The Court rejected the whining hardship defense and granted the injunction, with some pretty powerful words on discrimination:

The injury to the plaintiffs and those persons represented by the Colorado Cross-Disability Coalition is that when they patronize this restaurant, they must suffer the indignity of discriminatory treatment by their exclusion from 840 square feet of the dining area solely because they use wheelchairs. The elimination of that discriminatory treatment goes to the very purpose of the ADA and it can only be remedied by requiring such modification to those areas as to make them accessible to wheelchairs.

More drama ensued, as it turned out*** that the owners had received funding from the City of Denver, promised to bring the premises into compliance with a variety of applicable codes, and then [apparently] [allegedly] didn’t. So the City shut down El Diablo and Sketch, the bar next door, for code violations. Even more drama ensued, this time between El Diablo and the City, culminating with the owner filing for bankruptcy.

When a company files for bankruptcy, it has to tell the court and the public who its major creditors are. A review of the owner’s public (did I mention public?) bankruptcy filing revealed this, from the folks who complained that it would be a hardship to provide access to the raised areas they created when they renovated the restaurant.

Page-from-2012-12-14-1-Voluntary-Pet

The defendant, while complaining about hardship and refusing to consider installing a ramp — or even spending the money to hire an architect to analyze the feasibility of a ramp — owed the attorneys on that very case $318,455.53. We can probably assume that the defendant had been paying those lawyers for at least part of the case before it stopped paying them, so this over-$300,000 debt is likely only part of the legal fees the owner had decided to spend to fight against what would almost certainly be a far less expensive solution, one that would integrate people who use wheelchairs into the restaurant.

And of course, think how cheap it would have been to comply with the ADA in the first place!

**********

*Yes, we were suing The Devil. Many of you plaintiffs’ lawyers probably often *think* your opponent is The Devil, but ours actually was.

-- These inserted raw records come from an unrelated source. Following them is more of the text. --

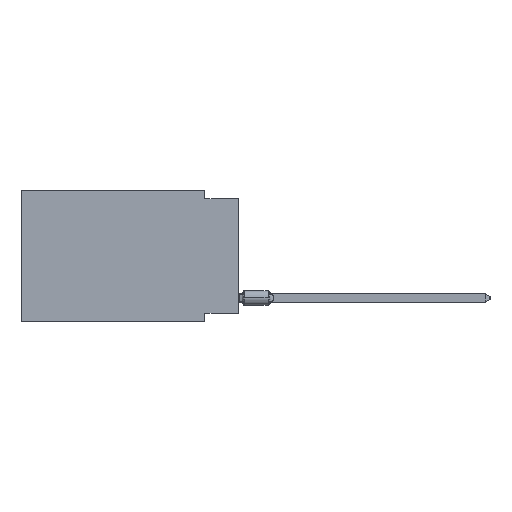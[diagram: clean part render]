
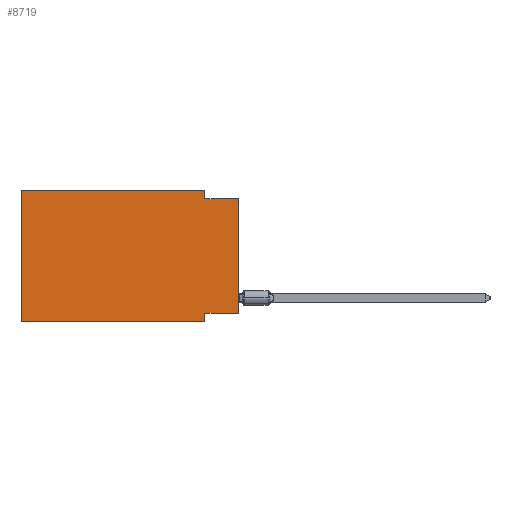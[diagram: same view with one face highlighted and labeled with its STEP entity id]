
A CAD part, left-side view. The second image highlights one B-rep face of the part: STEP entity #8719.
In plain terms, the highlighted planar face has unit normal (-1, 0, 0).
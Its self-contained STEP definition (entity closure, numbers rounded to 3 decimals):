
#355 = DIRECTION ( 'NONE',  ( 1., 0., 0. ) ) ;
#1281 = VERTEX_POINT ( 'NONE', #25305 ) ;
#1785 = ORIENTED_EDGE ( 'NONE', *, *, #34398, .F. ) ;
#1906 = ORIENTED_EDGE ( 'NONE', *, *, #51847, .F. ) ;
#1956 = CARTESIAN_POINT ( 'NONE',  ( 0., 0., -9.271 ) ) ;
#3341 = VECTOR ( 'NONE', #59758, 1000. ) ;
#3355 = CARTESIAN_POINT ( 'NONE',  ( 0., 16.383, -9.906 ) ) ;
#4610 = CARTESIAN_POINT ( 'NONE',  ( 0., 2.54, -9.906 ) ) ;
#5411 = LINE ( 'NONE', #4610, #29777 ) ;
#6968 = EDGE_CURVE ( 'NONE', #33596, #62488, #11108, .T. ) ;
#7251 = DIRECTION ( 'NONE',  ( 0., 1., 0. ) ) ;
#7301 = VERTEX_POINT ( 'NONE', #3355 ) ;
#8719 = ADVANCED_FACE ( 'NONE', ( #29886 ), #31073, .F. ) ;
#8922 = ORIENTED_EDGE ( 'NONE', *, *, #20451, .F. ) ;
#9182 = CARTESIAN_POINT ( 'NONE',  ( 0., 16.383, 0. ) ) ;
#10233 = EDGE_LOOP ( 'NONE', ( #71968, #1785, #75856, #8922, #1906, #46754, #65235, #71860 ) ) ;
#11108 = LINE ( 'NONE', #35758, #37300 ) ;
#13654 = LINE ( 'NONE', #74663, #44714 ) ;
#16225 = CARTESIAN_POINT ( 'NONE',  ( 0., 2.54, 0. ) ) ;
#16341 = LINE ( 'NONE', #77340, #55183 ) ;
#16445 = LINE ( 'NONE', #9182, #73657 ) ;
#16655 = AXIS2_PLACEMENT_3D ( 'NONE', #37520, #355, #54915 ) ;
#16815 = VECTOR ( 'NONE', #7251, 1000. ) ;
#18748 = DIRECTION ( 'NONE',  ( 0., -1., 0. ) ) ;
#19092 = EDGE_CURVE ( 'NONE', #48348, #1281, #27031, .T. ) ;
#20451 = EDGE_CURVE ( 'NONE', #26668, #33596, #16445, .T. ) ;
#21815 = CARTESIAN_POINT ( 'NONE',  ( 0., 0., 0. ) ) ;
#22414 = DIRECTION ( 'NONE',  ( 0., 0., -1. ) ) ;
#24812 = LINE ( 'NONE', #74086, #55379 ) ;
#25305 = CARTESIAN_POINT ( 'NONE',  ( 0., 2.54, -9.271 ) ) ;
#26668 = VERTEX_POINT ( 'NONE', #29559 ) ;
#27031 = LINE ( 'NONE', #1956, #16815 ) ;
#27621 = VERTEX_POINT ( 'NONE', #77640 ) ;
#28663 = LINE ( 'NONE', #21815, #3341 ) ;
#29559 = CARTESIAN_POINT ( 'NONE',  ( 0., 16.383, 0. ) ) ;
#29777 = VECTOR ( 'NONE', #22414, 1000. ) ;
#29886 = FACE_OUTER_BOUND ( 'NONE', #10233, .T. ) ;
#30807 = EDGE_CURVE ( 'NONE', #48348, #77880, #28663, .T. ) ;
#31073 = PLANE ( 'NONE',  #16655 ) ;
#33596 = VERTEX_POINT ( 'NONE', #16225 ) ;
#34398 = EDGE_CURVE ( 'NONE', #62488, #77880, #16341, .T. ) ;
#35010 = DIRECTION ( 'NONE',  ( 0., -1., 0. ) ) ;
#35758 = CARTESIAN_POINT ( 'NONE',  ( 0., 2.54, 0. ) ) ;
#37300 = VECTOR ( 'NONE', #77383, 1000. ) ;
#37520 = CARTESIAN_POINT ( 'NONE',  ( 0., 16.383, 0. ) ) ;
#38225 = CARTESIAN_POINT ( 'NONE',  ( 0., 2.54, -0.635 ) ) ;
#44714 = VECTOR ( 'NONE', #79535, 1000. ) ;
#46754 = ORIENTED_EDGE ( 'NONE', *, *, #72993, .T. ) ;
#47511 = CARTESIAN_POINT ( 'NONE',  ( 0., 0., -0.635 ) ) ;
#48348 = VERTEX_POINT ( 'NONE', #72245 ) ;
#51847 = EDGE_CURVE ( 'NONE', #7301, #26668, #13654, .T. ) ;
#53090 = DIRECTION ( 'NONE',  ( 0., -1., 0. ) ) ;
#54915 = DIRECTION ( 'NONE',  ( 0., 0., -1. ) ) ;
#55183 = VECTOR ( 'NONE', #53090, 1000. ) ;
#55379 = VECTOR ( 'NONE', #18748, 1000. ) ;
#59758 = DIRECTION ( 'NONE',  ( 0., 0., 1. ) ) ;
#62488 = VERTEX_POINT ( 'NONE', #38225 ) ;
#65235 = ORIENTED_EDGE ( 'NONE', *, *, #74289, .F. ) ;
#71860 = ORIENTED_EDGE ( 'NONE', *, *, #19092, .F. ) ;
#71968 = ORIENTED_EDGE ( 'NONE', *, *, #30807, .T. ) ;
#72245 = CARTESIAN_POINT ( 'NONE',  ( 0., 0., -9.271 ) ) ;
#72993 = EDGE_CURVE ( 'NONE', #7301, #27621, #24812, .T. ) ;
#73657 = VECTOR ( 'NONE', #35010, 1000. ) ;
#74086 = CARTESIAN_POINT ( 'NONE',  ( 0., 16.383, -9.906 ) ) ;
#74289 = EDGE_CURVE ( 'NONE', #1281, #27621, #5411, .T. ) ;
#74663 = CARTESIAN_POINT ( 'NONE',  ( 0., 16.383, 0. ) ) ;
#75856 = ORIENTED_EDGE ( 'NONE', *, *, #6968, .F. ) ;
#77340 = CARTESIAN_POINT ( 'NONE',  ( 0., 0., -0.635 ) ) ;
#77383 = DIRECTION ( 'NONE',  ( 0., 0., -1. ) ) ;
#77640 = CARTESIAN_POINT ( 'NONE',  ( 0., 2.54, -9.906 ) ) ;
#77880 = VERTEX_POINT ( 'NONE', #47511 ) ;
#79535 = DIRECTION ( 'NONE',  ( 0., 0., 1. ) ) ;

**I’ve previously blogged about one of the dramas: the defendant’s accusation that CCDC was defaming them by posting publicly-available legal pleadings on its website.

*** Please pay attention, journalism students, to the way it should be done. The Westword article at the link contains these gems of impartiality:

Danger. That’s the sign on the door of Sketch, which is supposed to host an opening for a showing of 9News reporter Kirk Montgomery’s photographs tonight.

and this, by the column’s author, a lion in the field of journalism here in Denver:

A few hours ago, I was sitting in [the owner’s] office on the second floor, which didn’t seem to pose any immediate hazard to me … except that [he] was about to blow his top.